Because of this, and also a few customisation needs (i.e. I have support for various scripts I use built into my image) I always build my own openHAB image. I keep a ‘base’ image with all my custom bits, and then roll my openHAB image based on this base, which just installs the latest openHAB (downloading via wget, so I can control exactly what is happening). Takes seconds to rebuild a new image.

Apparently there is an environment variable you have to pass through as well as using the -u option. I’m about to test this but that is what the response was to my issue on github. More to folow.

I know I could create my own image but given that I’ve written and maintain the Docker installation docs I feel like I should use the official image so that the documents match what users will see.

More to follow when I figure out the proper way of doing things.

How do you map openhab:openhab on your host to 9001?
I have exactly the same problem.

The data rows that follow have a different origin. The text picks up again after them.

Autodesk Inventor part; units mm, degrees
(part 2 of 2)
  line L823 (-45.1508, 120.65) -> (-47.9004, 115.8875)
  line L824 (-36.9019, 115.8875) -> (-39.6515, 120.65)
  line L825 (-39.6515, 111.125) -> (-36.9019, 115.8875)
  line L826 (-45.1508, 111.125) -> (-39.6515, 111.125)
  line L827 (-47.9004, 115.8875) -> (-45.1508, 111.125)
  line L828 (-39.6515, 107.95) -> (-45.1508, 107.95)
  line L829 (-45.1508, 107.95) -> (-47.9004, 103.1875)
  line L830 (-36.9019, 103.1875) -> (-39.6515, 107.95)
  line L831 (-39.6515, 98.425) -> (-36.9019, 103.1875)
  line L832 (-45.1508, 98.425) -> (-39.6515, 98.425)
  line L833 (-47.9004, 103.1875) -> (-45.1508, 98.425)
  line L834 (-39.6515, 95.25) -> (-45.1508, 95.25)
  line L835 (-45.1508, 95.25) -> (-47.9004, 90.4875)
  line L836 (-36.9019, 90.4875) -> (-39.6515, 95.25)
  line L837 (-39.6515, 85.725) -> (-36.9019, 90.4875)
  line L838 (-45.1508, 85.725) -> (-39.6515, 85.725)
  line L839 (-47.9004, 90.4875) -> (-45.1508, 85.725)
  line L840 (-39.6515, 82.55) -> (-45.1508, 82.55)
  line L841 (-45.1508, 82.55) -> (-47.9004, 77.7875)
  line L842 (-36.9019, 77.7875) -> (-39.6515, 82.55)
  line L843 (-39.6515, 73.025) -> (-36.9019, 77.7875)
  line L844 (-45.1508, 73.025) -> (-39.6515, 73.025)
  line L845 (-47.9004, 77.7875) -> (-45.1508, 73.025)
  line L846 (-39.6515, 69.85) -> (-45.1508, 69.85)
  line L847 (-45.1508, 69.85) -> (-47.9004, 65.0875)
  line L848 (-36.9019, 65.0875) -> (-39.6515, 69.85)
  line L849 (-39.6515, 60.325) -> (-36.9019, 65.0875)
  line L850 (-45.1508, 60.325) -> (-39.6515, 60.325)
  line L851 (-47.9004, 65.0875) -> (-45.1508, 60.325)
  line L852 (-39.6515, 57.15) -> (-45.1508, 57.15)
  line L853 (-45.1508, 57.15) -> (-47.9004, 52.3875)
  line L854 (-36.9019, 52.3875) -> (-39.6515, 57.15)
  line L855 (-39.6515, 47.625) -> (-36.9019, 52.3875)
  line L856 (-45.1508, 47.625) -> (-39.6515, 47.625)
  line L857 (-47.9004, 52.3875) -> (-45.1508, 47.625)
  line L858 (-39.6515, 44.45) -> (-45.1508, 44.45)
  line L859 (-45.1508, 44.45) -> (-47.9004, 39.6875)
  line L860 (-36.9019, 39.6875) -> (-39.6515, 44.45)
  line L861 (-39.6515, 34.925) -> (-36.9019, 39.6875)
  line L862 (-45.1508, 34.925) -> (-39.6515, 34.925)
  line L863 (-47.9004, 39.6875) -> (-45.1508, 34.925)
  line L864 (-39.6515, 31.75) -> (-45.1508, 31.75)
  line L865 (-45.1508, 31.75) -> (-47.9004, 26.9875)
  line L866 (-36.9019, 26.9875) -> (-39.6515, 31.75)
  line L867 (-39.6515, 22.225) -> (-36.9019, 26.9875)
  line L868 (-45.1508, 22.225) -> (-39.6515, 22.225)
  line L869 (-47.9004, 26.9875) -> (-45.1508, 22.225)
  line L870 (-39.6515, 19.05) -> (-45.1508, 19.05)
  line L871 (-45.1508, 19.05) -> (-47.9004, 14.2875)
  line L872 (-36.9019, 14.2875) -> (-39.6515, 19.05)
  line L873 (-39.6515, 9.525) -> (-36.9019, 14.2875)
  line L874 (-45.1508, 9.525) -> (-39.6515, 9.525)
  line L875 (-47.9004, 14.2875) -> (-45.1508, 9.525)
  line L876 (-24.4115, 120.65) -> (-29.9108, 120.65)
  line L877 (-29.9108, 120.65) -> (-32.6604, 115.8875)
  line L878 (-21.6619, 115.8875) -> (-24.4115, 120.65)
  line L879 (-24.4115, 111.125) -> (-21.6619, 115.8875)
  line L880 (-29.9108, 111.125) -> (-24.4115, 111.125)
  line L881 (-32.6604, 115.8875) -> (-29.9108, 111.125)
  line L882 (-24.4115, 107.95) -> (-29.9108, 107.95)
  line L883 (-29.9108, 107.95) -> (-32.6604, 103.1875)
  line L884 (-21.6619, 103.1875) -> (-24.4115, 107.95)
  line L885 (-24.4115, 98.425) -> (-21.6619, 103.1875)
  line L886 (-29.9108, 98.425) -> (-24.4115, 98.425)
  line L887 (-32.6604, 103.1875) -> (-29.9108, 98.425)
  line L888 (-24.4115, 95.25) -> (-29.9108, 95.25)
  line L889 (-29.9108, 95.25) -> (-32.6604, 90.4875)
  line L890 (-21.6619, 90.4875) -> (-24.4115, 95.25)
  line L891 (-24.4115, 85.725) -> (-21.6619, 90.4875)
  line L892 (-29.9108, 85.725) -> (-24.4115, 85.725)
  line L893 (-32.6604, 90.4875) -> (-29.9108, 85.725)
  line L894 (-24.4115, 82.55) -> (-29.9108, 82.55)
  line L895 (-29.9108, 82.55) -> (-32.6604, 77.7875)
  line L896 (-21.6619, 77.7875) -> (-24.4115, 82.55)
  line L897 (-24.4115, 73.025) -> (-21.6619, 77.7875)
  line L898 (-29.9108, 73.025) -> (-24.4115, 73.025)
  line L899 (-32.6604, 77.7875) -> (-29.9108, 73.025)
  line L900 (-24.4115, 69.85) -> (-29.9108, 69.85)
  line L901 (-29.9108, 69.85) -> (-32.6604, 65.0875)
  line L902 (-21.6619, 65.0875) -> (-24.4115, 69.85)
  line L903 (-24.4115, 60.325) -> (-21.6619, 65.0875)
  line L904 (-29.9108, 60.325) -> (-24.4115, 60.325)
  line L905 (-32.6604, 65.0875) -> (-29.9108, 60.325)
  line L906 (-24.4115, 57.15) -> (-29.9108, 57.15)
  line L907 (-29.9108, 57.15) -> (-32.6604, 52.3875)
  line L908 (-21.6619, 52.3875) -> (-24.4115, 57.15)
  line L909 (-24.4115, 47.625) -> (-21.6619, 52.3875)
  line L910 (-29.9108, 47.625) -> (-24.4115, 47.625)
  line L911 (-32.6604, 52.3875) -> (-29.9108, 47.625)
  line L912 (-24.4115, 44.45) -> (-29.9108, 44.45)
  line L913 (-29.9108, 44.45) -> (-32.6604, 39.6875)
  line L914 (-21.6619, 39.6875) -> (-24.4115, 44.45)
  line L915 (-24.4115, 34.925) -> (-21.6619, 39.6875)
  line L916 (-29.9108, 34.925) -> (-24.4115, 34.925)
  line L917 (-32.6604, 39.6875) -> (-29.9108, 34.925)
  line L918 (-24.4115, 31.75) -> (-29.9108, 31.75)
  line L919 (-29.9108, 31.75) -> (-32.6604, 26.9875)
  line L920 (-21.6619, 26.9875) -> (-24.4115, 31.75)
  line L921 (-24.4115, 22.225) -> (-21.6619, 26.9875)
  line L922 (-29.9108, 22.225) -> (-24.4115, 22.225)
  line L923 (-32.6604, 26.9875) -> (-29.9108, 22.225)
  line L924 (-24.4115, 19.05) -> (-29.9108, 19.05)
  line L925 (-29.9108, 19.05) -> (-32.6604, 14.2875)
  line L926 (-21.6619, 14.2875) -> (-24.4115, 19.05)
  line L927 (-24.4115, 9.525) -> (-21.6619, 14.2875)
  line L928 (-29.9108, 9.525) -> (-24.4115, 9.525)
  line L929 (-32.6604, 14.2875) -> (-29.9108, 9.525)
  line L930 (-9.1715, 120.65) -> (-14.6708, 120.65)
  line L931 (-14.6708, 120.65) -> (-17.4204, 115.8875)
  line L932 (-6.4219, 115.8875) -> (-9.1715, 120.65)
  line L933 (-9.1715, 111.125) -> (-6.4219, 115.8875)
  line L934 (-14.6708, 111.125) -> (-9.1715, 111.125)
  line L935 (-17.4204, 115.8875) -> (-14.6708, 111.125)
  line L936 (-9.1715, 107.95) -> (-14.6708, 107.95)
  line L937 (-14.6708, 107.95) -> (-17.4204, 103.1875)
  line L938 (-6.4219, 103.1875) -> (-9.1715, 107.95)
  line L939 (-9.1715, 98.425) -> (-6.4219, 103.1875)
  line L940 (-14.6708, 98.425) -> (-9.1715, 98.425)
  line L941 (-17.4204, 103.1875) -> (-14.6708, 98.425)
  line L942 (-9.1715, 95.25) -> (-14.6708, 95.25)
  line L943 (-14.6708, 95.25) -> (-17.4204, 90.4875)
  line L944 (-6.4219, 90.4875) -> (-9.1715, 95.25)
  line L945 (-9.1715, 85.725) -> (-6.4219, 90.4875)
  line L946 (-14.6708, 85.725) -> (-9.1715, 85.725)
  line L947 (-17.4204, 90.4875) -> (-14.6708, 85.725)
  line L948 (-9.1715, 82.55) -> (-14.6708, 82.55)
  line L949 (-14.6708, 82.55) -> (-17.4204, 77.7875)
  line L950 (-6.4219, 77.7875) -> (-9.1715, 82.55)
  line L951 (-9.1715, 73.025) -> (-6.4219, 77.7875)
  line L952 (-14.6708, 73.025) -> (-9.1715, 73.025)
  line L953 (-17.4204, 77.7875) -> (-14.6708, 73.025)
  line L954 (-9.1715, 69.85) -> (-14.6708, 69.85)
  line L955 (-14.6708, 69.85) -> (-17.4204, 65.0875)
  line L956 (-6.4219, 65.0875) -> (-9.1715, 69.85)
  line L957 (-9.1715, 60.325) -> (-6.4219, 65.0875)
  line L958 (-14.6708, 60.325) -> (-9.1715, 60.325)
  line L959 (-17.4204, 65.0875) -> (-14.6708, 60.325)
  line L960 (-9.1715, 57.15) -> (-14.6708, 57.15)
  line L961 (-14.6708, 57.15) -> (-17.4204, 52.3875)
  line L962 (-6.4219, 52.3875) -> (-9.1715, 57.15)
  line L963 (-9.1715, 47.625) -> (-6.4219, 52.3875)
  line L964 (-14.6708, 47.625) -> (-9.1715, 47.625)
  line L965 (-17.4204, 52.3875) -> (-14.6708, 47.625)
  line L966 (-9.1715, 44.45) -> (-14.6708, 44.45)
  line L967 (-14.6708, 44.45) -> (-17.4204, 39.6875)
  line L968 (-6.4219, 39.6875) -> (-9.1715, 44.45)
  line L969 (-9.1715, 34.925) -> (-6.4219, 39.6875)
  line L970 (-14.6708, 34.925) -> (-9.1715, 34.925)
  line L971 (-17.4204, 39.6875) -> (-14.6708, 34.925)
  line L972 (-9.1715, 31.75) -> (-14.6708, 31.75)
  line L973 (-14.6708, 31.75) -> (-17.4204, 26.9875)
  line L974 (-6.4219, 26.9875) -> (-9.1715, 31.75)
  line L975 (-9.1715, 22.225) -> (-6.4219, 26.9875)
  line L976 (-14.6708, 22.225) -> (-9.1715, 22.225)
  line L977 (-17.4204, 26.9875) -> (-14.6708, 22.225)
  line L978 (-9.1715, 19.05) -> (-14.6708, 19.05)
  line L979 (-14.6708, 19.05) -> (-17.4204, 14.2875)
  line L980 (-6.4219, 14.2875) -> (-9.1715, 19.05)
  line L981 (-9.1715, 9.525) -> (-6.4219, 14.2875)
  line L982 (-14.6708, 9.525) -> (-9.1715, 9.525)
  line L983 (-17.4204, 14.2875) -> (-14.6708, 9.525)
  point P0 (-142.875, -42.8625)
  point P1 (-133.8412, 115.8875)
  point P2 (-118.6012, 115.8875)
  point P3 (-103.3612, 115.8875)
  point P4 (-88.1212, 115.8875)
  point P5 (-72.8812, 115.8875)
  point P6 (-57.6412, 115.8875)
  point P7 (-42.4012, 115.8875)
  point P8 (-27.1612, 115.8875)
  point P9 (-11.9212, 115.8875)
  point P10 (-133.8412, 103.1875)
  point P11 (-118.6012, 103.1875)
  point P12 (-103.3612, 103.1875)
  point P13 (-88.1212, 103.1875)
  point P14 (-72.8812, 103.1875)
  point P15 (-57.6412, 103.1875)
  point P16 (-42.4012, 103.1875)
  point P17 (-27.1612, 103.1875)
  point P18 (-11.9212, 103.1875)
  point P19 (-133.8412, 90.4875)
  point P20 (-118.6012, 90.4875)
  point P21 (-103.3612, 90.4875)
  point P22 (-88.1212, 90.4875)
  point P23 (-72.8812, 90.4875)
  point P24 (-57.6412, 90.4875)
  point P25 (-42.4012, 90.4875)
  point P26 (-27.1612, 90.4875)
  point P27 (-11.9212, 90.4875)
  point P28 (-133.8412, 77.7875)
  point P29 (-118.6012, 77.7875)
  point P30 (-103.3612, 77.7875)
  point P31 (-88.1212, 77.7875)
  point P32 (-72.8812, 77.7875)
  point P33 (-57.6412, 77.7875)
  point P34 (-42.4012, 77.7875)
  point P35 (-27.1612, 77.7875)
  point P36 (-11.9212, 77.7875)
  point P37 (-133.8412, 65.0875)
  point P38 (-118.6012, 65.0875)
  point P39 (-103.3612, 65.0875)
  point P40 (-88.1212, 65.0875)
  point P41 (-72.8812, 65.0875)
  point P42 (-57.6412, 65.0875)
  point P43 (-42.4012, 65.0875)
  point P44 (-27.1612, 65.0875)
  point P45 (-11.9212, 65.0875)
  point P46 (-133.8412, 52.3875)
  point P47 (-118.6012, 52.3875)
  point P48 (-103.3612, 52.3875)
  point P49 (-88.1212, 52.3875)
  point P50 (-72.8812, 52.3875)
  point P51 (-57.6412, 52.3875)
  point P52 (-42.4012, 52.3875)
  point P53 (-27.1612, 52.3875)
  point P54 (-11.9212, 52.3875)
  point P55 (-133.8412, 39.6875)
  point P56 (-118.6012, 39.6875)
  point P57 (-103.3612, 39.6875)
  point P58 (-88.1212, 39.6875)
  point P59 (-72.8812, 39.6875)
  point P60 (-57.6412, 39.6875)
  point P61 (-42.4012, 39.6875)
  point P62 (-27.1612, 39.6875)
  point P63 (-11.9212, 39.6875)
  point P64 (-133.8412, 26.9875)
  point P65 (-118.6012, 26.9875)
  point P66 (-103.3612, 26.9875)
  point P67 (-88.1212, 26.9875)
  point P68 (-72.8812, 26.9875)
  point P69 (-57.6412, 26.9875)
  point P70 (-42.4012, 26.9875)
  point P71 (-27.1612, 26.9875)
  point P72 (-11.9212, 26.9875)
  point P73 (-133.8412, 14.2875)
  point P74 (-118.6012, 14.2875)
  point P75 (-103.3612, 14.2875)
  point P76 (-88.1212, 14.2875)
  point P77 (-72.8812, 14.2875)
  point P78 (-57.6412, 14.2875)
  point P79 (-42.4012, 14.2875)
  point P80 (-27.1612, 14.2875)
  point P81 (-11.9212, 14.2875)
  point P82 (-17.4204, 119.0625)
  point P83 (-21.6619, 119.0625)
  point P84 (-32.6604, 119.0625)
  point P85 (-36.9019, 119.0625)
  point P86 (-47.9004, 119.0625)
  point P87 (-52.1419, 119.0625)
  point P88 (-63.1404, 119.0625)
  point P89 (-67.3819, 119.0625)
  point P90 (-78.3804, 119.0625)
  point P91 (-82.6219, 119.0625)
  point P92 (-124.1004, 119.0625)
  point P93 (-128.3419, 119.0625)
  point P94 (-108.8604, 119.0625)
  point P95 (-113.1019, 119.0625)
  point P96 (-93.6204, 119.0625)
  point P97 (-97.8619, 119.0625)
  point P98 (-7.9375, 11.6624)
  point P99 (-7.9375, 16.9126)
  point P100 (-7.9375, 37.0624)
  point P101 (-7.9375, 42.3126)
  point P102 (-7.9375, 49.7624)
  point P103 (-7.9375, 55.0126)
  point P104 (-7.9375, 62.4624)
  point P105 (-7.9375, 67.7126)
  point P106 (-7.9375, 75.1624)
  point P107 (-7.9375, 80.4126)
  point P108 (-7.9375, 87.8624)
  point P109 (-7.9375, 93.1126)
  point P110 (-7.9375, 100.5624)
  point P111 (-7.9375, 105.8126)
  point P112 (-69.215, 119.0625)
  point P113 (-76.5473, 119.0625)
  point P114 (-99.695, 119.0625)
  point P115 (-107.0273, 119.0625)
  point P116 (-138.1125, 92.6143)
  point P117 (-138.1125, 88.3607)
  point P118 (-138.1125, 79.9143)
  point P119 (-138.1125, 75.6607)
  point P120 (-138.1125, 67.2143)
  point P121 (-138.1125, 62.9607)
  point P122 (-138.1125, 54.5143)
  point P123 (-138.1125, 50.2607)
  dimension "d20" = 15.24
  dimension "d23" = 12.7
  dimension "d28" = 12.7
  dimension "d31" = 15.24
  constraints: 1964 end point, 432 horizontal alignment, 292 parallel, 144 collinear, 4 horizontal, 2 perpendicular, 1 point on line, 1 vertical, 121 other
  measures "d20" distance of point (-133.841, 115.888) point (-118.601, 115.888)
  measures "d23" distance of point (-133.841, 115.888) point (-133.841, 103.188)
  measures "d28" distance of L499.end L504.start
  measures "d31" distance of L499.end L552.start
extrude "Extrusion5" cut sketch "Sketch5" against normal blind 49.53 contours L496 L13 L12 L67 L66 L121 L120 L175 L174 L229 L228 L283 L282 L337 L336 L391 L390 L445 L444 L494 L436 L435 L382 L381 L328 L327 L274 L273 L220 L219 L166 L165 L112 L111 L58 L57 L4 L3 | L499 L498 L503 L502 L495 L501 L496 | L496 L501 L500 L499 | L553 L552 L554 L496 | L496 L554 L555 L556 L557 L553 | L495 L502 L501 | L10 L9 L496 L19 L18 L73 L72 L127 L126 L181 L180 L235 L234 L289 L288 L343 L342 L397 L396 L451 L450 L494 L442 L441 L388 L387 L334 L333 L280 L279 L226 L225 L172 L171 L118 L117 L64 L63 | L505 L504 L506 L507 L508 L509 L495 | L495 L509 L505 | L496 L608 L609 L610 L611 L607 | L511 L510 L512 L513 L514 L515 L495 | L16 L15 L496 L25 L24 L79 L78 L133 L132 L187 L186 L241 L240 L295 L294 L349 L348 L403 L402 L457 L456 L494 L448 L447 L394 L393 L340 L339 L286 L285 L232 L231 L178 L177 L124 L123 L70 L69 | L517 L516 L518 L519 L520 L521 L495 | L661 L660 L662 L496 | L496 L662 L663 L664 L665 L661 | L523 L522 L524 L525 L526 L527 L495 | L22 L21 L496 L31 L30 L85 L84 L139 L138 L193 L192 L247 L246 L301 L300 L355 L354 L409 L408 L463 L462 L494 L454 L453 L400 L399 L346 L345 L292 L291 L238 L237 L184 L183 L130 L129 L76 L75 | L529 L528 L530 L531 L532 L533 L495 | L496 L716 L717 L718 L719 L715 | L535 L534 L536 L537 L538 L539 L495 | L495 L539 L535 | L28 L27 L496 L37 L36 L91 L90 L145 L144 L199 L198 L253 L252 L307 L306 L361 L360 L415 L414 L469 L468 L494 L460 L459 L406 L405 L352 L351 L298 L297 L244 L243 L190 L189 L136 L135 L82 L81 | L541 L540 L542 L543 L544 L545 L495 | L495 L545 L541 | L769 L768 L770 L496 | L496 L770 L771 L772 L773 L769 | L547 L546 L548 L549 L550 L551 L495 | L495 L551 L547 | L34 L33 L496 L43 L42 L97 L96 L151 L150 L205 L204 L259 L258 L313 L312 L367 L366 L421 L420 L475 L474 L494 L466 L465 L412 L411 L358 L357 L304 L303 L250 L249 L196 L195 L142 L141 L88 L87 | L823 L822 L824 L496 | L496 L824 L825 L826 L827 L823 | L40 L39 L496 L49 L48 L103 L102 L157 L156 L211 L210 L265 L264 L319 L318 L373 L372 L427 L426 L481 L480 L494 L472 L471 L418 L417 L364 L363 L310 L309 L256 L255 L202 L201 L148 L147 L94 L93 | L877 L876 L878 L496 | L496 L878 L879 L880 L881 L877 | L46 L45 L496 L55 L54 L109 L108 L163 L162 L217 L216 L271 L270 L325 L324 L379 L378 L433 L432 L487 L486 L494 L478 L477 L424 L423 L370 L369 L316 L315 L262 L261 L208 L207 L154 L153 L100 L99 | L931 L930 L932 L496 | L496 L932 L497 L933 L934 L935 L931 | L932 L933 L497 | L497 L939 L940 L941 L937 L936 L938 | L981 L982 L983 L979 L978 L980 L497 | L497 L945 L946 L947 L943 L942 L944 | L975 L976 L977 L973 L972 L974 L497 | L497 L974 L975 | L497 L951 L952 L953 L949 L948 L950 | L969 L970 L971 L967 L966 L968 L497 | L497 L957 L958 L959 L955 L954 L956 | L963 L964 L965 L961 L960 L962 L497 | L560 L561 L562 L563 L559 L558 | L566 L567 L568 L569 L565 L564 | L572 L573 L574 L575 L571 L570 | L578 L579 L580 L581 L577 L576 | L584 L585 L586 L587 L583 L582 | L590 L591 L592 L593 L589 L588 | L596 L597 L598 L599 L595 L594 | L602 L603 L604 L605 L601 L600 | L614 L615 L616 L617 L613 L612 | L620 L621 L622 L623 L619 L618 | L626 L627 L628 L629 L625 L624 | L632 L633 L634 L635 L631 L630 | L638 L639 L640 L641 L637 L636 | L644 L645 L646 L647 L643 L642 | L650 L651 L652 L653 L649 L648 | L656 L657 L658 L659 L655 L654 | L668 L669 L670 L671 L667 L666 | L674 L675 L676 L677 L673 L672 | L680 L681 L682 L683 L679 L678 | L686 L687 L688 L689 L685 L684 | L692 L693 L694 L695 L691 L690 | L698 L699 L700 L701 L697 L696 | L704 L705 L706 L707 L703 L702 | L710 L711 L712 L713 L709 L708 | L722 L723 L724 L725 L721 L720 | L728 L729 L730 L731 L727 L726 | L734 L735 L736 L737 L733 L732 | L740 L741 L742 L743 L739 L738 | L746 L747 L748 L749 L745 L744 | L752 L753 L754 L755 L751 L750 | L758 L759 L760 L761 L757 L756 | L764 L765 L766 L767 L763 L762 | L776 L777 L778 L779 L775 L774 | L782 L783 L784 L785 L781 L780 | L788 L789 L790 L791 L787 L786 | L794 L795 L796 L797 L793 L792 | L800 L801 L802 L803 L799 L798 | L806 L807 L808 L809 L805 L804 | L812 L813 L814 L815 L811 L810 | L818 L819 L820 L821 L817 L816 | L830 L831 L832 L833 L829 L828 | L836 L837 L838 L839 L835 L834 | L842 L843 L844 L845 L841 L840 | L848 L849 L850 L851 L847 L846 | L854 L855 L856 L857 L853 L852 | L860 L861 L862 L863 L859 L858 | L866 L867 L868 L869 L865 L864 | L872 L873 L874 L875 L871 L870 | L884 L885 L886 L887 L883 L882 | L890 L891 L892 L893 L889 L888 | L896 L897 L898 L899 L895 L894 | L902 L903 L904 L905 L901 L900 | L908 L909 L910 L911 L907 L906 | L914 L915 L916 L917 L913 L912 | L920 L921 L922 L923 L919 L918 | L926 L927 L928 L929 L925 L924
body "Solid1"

My openhab id on host is 999 and on the image 9001.

usermod -u <NEWUID> <LOGIN>    
groupmod -g <NEWGID> <GROUP>
find /mnt/config/openhab -user <OLDUID> -exec chown -h <NEWUID> {} \;
find /mnt/config/openhab -group <OLDGID> -exec chgrp -h <NEWGID> {} \;
usermod -g <NEWGID> <LOGIN>

Map is probably not the right word. I up and changed the ID on my host to 9001.

I should add that you should be able to pass on USER_ID=999 as a passed in environment variable in addition to the -u openhab:openhab option to force it to use your UID for openhab. Since I moved my user I haven’t been able to test this yet.

Seems like passing in -e USER_ID=999 doesn’t solve the problem, I still get the same error.

same for me here …
Docker doesn´t start …

Log says:

Launching the openHAB runtime…
stdout
11:28:59
karaf: KARAF_ETC is not valid: /openhab/userdata/etc

docker start is looping then with status “restarting…”

additional note:
When i try to start the image with that “entrypoint” hint from above it shows me:

docker run -v /volume1/Synology-Infrastructure/openHAB2/conf/:/openhab -it --entrypoint=/bin/bash openhab/openhab:2.0.0-amd64
bash: /openhab/.bashrc: Permission denied

You need to make sure that the permissions on all the files and folders mapped into the container are read/write able by UID 9001. All folders need to be executable by UID 9001 as well.

And heres the problem … I´m running the thing on a synology nas where i can´t create a user with a specific uid…
and the USERID variable for the docker doesn´t work :frowning:

You can take the Dockerfile and change the uid that gets built into the image and build your own I guess. Not sure what else can be done.

when i use -u option openhab starts to start up but after 2 secs this appears :frowning:

docker run -u 1035 --name openhab --net=host -v /etc/localtime:/etc/localtime:ro -v /volume1/Synology-Infrastructure/openHAB2/addons:/openhab/addons -v /volume1/Synology-Infrastructure/openHAB2/conf:/openhab/conf -v /volume1/Synology-Infrastructure/openHAB2/userdata:/openhab/userdata 5ad8888d9abb
Launching the openHAB runtime…
Unable to update instance pid: Unable to create directory /openhab/runtime/instances

That is still a permisisons issue. everything in /volume1/Synology-Infrastructure/openHAB2/userdata must be read/write for user 1035 and all folders must have execute for user 1035.